Below are the records; copy every line in them that holds the string "Warning".

● **Provided records**:
..........

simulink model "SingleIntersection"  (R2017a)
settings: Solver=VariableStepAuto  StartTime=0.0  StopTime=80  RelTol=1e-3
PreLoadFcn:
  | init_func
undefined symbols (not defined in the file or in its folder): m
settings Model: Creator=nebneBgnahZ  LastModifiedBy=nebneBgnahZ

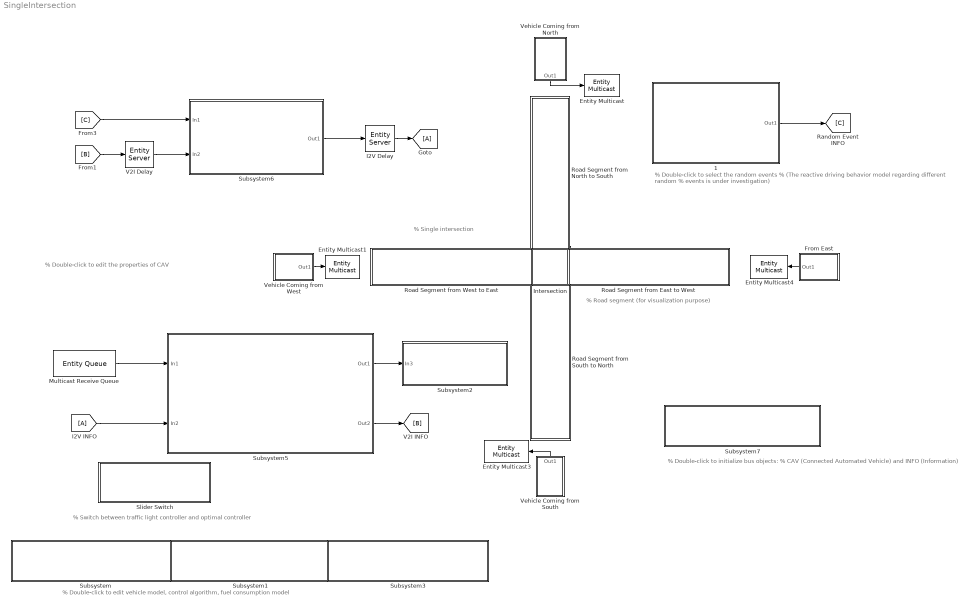
== system SingleIntersection ==
  note: % Switch between traffic light controller and optimal controller
  note: % Double-click to edit vehicle model, control algorithm, fuel consumption model
  note: % Double-click to select the random events
      | % (The reactive driving behavior model regarding different random % events is under investigation)
  note: % Double-click to edit the properties of CAV
  note: % Double-click to initialize bus objects:
      | % CAV (Connected Automated Vehicle) and INFO (Information)
  note: % Single intersection
  note: % Road segment (for visualization purpose)
  " 1" : Subsystem  mask(Random events){Parameter1=Red Light Violation Warning}
      mask help: Random events do not only refer to vehicle arrival, lane change, and turn, but they also include events that may cause safety issues. Generally, all such random events can be categorized into two classes, depending on whether they are caused by vehicles or by the infrastructure/environment.
      mask TypeOptions Parameter1: Red Light Violation Warning | Curve Speed Warning | Stop Sign Gap Assist | Spot Weather Impact Warning | Reduced Speed/ Work Zone Warning | Pedestrian in Signalized Crosswalk Warning (Transit) | Emergency Electronic Brake Lights (EEBL) | Forward Collision Warning (FCW) | Intersection Movement Assist (IMA) | Left Turn Assist (LTA) | Blind Spot/ Lane Change Warning (BSW/LCW) | Do Not Pass Warning (DNPW) | Vehicle Turning Right in Front of Bus Warning (Transit)
      mask Display:
      | %image('figs/environment.jpg');
      | disp('Random Events')
  Entity Multicast{,1,3..4} (4 alike) : EntityMulticast  InputPortMessageModes=m  MulticastTag=CAV
  From East : Subsystem  mask(Connected Automated Vehicles (CAVs)){modelpopup=Basic model, umin=[], umax=[], vmin=[], vmax=[], length=0, cf=0, cr=0, lf=0, lr=0}
      mask prompts: modelpopup "Vehicle Model Selection"; umin "Maximum Deceleration"; umax "Maximum Acceleration"; vmin "Minimum Speed"; vmax "Maximum Speed"; cf "Front Tire Cornering Stiffness"; cr "Rear Tire Cornering Stiffness"; lf "Distance from CoG to Front Axels"; lr "Distance from CoG to Rear Axels"
      mask help: Vehicles, assumed to be CAVs, should possess the ability to communicate with the controller, the coordinator, and other vehicles in the network. CAVs can differ in driver models, for instance, motion dynamics, control mechanism, and fuel consumption dynamics.
      mask TypeOptions modelpopup: Basic model | Kinematic model | Dynamic model | User-defined
      mask Callback modelpopup:
      | % Get the mask parameter values. This is a cell
      | %   array of character vectors.
      | maskStr = get_param(gcb,'modelpopup');
      | 
      | % The pop-up menu is the first mask parameter.
      | %   Check the value selected in the pop-up
      | if strcmp(maskStr(1),'U')
      | 
      | 
      |     % Set the visibility of both parameters on when
      |     %   User-defined is selected in the pop-up.
      | 
      |     set_param(gcb,'MaskVisibilities',{'on';'on';'on';'on';'on';'on';'on';'on';'on';'on';}),
      | 
      | elseif strcmp(maskStr(1),'B')
      | 
      |     % Turn off the visibility of the Value field
      |     %   when User-defined is not selected.
      | 
      |     set_param(gcb,'MaskVisibilities',{'on';'on';'on';'on';'on';'off';'off';'off';'off';'off';}),
      | 
      |     % Set the character vector in the Values field equal to the
      |     % character vector selected in the Gain pop-up menu.
      | 
      |     %maskStr{2}=maskStr{1};
      | 
      | 
      | elseif strcmp(maskStr(1),'K')
      | 
      |     set_param(gcb,'MaskVisibilities',{'on';'on';'on';'on';'on';'on';'off';'off';'off';'off';}),
      | 
      | else
      | 
      |     set_param(gcb,'MaskVisibilities',{'on';'on';'on';'on';'on';'off';'on';'on';'on';'on';}),
      | 
      | end
      mask Display: image('figs/CAV3.png');
  I2V Delay : EntityServer  InputPortMessageModes=m  OutputPortMessageModes=m  Capacity=Inf  ServiceTimeValue=0
  Intersection : Subsystem
      mask Display: image('figs/inter.png');
  Multicast Receive Queue : EntityQueue  OutputPortMessageModes=m  Capacity=100  EntityArrivalSource=Multicast  MulticastTag=CAV
      settings: OutputPortMap=o5
  Road Segment from East to West : Subsystem
      mask Display: image('figs/Roadsegment1.png');
  Road Segment from North to South : Subsystem
      mask Display: image('figs/Roadsegment3.png');
  Road Segment from South to North : Subsystem
      mask Display: image('figs/Roadsegment3.png');
  Road Segment from West to East : Subsystem
      mask Display: image('figs/Roadsegment1.png');
  Slider Switch : Subsystem  DialogController=hmiCreateDDGDialog  IsWebBlock=on  mask(MWDashboardBlock){webBlockId=e7b67206-d875-4afa-ae37-7e6b78c8d41a, webBlockType=sliderswitch, ShowInLibBrowser=on, ShowInitialText=on, HMISrcModelName=SingleIntersection}
      mask prompts: webBlockId "WebBlock Id"; webBlockType "WebBlock Type"; HMISrcModelName "Source Model"
      mask help: SimulinkHMI:dialogs:SwitchDialogDesc
      mask Help: helpview([docroot '/mapfiles/simulink.map'], 'hmi_slider_switch')
      mask Display:
      | if strcmp(get_param(bdroot(gcb),'BlockDiagramType'), 'library')
      |     image([(matlabroot) '/toolbox/simulink/hmi/icons/SliderSwitch.png']);
      | end
  Subsystem : Subsystem
      settings: OpenFcn=edit dynamics.m
      mask Display: disp('Vehicle Motion Dynamics');
  Subsystem1 : Subsystem
      settings: OpenFcn=edit updateAcceleration.m
      mask Display: disp('Vehicle Control Dynamics');
  Subsystem2 : Subsystem
      mask Display: disp('Merging Zone')
  Subsystem3 : Subsystem
      settings: OpenFcn=edit computeFuelConsumption.m
      mask Display: disp('Fuel Consumption Dynamics');
  Subsystem5 : Subsystem
      mask Display:
      | %image('figs/controller.jpg');
      | disp('Control Zone')
  Subsystem6 : Subsystem
      mask Display:
      | %image('figs/coordinator.jpg');
      | disp('Coordinator')
  Subsystem7 : Subsystem
      settings: OpenFcn=init_func
      mask Display: disp('Initialization');
  V2I Delay : EntityServer  InputPortMessageModes=m  OutputPortMessageModes=m  Capacity=Inf  ServiceTimeValue=1
  Vehicle Coming from North : Subsystem  mask(Connected Automated Vehicles (CAVs)){modelpopup=Basic model, umin=[], umax=[], vmin=[], vmax=[], length=0, cf=0, cr=0, lf=0, lr=0}
      mask prompts: modelpopup "Vehicle Model Selection"; umin "Maximum Deceleration"; umax "Maximum Acceleration"; vmin "Minimum Speed"; vmax "Maximum Speed"; cf "Front Tire Cornering Stiffness"; cr "Rear Tire Cornering Stiffness"; lf "Distance from CoG to Front Axels"; lr "Distance from CoG to Rear Axels"
      mask help: Vehicles, assumed to be CAVs, should possess the ability to communicate with the controller, the coordinator, and other vehicles in the network. CAVs can differ in driver models, for instance, motion dynamics, control mechanism, and fuel consumption dynamics.
      mask TypeOptions modelpopup: Basic model | Kinematic model | Dynamic model | User-defined
      mask Callback modelpopup:
      | % Get the mask parameter values. This is a cell
      | %   array of character vectors.
      | maskStr = get_param(gcb,'modelpopup');
      | 
      | % The pop-up menu is the first mask parameter.
      | %   Check the value selected in the pop-up
      | if strcmp(maskStr(1),'U')
      | 
      | 
      |     % Set the visibility of both parameters on when
      |     %   User-defined is selected in the pop-up.
      | 
      |     set_param(gcb,'MaskVisibilities',{'on';'on';'on';'on';'on';'on';'on';'on';'on';'on';}),
      | 
      | elseif strcmp(maskStr(1),'B')
      | 
      |     % Turn off the visibility of the Value field
      |     %   when User-defined is not selected.
      | 
      |     set_param(gcb,'MaskVisibilities',{'on';'on';'on';'on';'on';'off';'off';'off';'off';'off';}),
      | 
      |     % Set the character vector in the Values field equal to the
      |     % character vector selected in the Gain pop-up menu.
      | 
      |     %maskStr{2}=maskStr{1};
      | 
      | 
      | elseif strcmp(maskStr(1),'K')
      | 
      |     set_param(gcb,'MaskVisibilities',{'on';'on';'on';'on';'on';'on';'off';'off';'off';'off';}),
      | 
      | else
      | 
      |     set_param(gcb,'MaskVisibilities',{'on';'on';'on';'on';'on';'off';'on';'on';'on';'on';}),
      | 
      | end
      mask Display: image('figs/CAV4.png');
  Vehicle Coming from South : Subsystem  mask(Connected Automated Vehicles (CAVs)){modelpopup=Basic model, umin=[], umax=[], vmin=[], vmax=[], length=0, cf=0, cr=0, lf=0, lr=0}
      mask prompts: modelpopup "Vehicle Model Selection"; umin "Maximum Deceleration"; umax "Maximum Acceleration"; vmin "Minimum Speed"; vmax "Maximum Speed"; cf "Front Tire Cornering Stiffness"; cr "Rear Tire Cornering Stiffness"; lf "Distance from CoG to Front Axels"; lr "Distance from CoG to Rear Axels"
      mask help: Vehicles, assumed to be CAVs, should possess the ability to communicate with the controller, the coordinator, and other vehicles in the network. CAVs can differ in driver models, for instance, motion dynamics, control mechanism, and fuel consumption dynamics.
      mask TypeOptions modelpopup: Basic model | Kinematic model | Dynamic model | User-defined
      mask Callback modelpopup:
      | % Get the mask parameter values. This is a cell
      | %   array of character vectors.
      | maskStr = get_param(gcb,'modelpopup');
      | 
      | % The pop-up menu is the first mask parameter.
      | %   Check the value selected in the pop-up
      | if strcmp(maskStr(1),'U')
      | 
      | 
      |     % Set the visibility of both parameters on when
      |     %   User-defined is selected in the pop-up.
      | 
      |     set_param(gcb,'MaskVisibilities',{'on';'on';'on';'on';'on';'on';'on';'on';'on';'on';}),
      | 
      | elseif strcmp(maskStr(1),'B')
      | 
      |     % Turn off the visibility of the Value field
      |     %   when User-defined is not selected.
      | 
      |     set_param(gcb,'MaskVisibilities',{'on';'on';'on';'on';'on';'off';'off';'off';'off';'off';}),
      | 
      |     % Set the character vector in the Values field equal to the
      |     % character vector selected in the Gain pop-up menu.
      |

..........

● **Answer to the problem**:
  " 1" : Subsystem  mask(Random events){Parameter1=Red Light Violation Warning}
      mask TypeOptions Parameter1: Red Light Violation Warning | Curve Speed Warning | Stop Sign Gap Assist | Spot Weather Impact Warning | Reduced Speed/ Work Zone Warning | Pedestrian in Signalized Crosswalk Warning (Transit) | Emergency Electronic Brake Lights (EEBL) | Forward Collision Warning (FCW) | Intersection Movement Assist (IMA) | Left Turn Assist (LTA) | Blind Spot/ Lane Change Warning (BSW/LCW) | Do Not Pass Warning (DNPW) | Vehicle Turning Right in Front of Bus Warning (Transit)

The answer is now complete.